[[ Records for processing, beginning ]]

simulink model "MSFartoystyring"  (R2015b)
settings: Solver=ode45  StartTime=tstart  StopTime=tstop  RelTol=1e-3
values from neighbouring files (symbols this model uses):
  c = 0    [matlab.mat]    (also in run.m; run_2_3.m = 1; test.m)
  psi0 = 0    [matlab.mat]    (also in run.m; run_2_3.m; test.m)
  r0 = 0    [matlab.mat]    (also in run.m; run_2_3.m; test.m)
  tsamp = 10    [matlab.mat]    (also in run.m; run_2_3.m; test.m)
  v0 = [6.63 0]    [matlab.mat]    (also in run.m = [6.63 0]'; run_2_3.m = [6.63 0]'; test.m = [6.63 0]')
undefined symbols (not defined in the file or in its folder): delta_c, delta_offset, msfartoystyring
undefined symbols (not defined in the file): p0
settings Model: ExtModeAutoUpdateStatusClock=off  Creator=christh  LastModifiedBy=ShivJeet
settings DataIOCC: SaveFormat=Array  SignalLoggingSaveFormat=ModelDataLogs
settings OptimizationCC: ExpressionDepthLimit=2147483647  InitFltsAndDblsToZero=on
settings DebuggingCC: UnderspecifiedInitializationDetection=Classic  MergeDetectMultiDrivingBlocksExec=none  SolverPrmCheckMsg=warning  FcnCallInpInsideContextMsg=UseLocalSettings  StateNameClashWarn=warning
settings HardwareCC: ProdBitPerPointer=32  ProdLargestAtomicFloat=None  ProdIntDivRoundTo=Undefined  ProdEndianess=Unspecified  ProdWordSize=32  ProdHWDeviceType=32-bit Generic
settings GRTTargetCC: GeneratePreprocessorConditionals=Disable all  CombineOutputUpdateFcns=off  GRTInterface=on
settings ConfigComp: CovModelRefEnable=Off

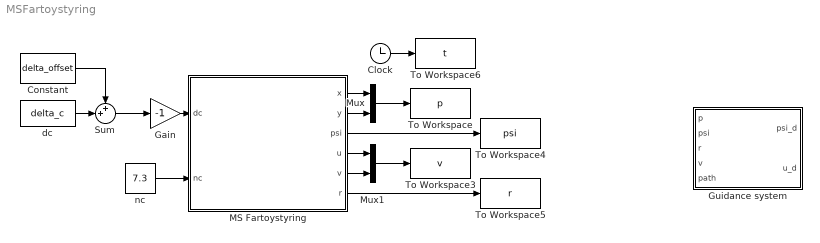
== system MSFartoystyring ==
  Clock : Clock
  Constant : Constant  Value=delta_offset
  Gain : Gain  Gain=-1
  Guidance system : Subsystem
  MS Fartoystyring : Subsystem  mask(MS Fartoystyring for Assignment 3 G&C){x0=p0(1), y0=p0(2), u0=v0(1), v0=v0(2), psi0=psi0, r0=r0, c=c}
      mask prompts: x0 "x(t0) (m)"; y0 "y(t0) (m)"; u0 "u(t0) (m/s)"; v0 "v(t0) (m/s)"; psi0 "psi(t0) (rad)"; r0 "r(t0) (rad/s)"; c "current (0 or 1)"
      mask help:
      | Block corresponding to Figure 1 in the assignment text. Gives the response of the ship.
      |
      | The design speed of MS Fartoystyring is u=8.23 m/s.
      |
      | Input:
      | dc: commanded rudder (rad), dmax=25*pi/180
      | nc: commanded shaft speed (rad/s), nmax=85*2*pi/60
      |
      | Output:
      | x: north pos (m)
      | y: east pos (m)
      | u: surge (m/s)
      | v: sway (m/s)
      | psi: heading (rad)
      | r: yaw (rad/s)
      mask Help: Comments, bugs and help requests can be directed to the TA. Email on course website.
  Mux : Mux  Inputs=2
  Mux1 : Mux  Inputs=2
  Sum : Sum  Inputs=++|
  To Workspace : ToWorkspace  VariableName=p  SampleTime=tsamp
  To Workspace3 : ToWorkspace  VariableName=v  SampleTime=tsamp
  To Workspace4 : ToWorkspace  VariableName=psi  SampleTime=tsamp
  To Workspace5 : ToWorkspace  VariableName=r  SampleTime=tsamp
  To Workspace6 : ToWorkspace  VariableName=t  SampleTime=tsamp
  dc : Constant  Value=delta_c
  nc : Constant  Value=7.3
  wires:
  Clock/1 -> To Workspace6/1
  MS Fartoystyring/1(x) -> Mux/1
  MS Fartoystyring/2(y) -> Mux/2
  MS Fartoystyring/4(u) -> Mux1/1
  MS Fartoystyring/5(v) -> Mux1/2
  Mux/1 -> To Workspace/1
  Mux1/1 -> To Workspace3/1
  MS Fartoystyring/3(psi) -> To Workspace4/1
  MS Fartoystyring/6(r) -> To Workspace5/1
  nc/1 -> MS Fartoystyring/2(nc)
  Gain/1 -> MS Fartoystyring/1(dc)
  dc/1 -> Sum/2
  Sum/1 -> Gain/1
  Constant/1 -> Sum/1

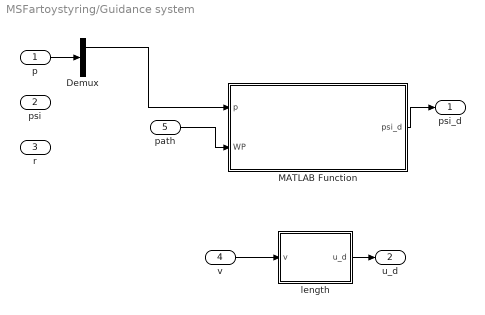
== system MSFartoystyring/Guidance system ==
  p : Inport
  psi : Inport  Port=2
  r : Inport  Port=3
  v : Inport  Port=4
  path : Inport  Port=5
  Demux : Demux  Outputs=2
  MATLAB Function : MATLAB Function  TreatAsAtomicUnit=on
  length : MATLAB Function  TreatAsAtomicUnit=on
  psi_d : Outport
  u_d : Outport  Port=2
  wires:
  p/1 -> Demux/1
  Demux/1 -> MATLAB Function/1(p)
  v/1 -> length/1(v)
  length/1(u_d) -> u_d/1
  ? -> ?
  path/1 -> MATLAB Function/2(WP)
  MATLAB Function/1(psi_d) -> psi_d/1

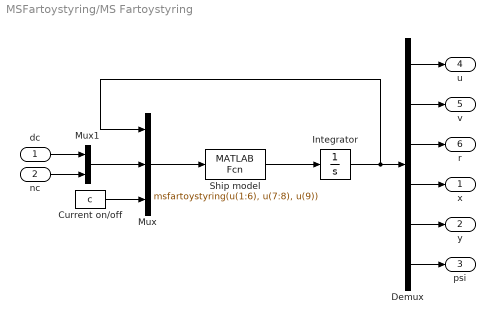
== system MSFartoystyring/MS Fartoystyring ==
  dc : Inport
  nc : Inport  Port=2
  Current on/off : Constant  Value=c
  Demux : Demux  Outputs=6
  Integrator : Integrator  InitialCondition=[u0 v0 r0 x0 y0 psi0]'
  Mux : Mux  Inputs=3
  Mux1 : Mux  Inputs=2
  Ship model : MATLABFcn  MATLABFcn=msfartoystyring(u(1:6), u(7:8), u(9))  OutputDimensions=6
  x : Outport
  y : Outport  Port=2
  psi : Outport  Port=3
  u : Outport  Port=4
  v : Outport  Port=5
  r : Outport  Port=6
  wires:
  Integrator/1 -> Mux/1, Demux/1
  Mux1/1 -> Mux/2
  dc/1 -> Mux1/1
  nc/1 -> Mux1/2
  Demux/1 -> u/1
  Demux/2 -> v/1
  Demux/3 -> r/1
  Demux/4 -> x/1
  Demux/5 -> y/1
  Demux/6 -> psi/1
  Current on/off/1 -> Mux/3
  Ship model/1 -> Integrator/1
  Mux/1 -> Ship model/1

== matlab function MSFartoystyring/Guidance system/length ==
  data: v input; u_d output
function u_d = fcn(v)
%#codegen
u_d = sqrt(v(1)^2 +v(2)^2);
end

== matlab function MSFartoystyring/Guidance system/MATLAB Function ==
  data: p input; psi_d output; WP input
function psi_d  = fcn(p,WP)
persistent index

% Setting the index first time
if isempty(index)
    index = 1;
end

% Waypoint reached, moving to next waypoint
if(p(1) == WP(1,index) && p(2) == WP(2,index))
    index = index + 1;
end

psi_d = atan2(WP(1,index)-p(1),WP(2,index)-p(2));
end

[[ Records for processing, end ]]

§ **Assignment**: Check every line of the data for the string "TreatAsAtomicUnit". Give the number of lines that have it, and only that.

§ **Result of the exercise**: 2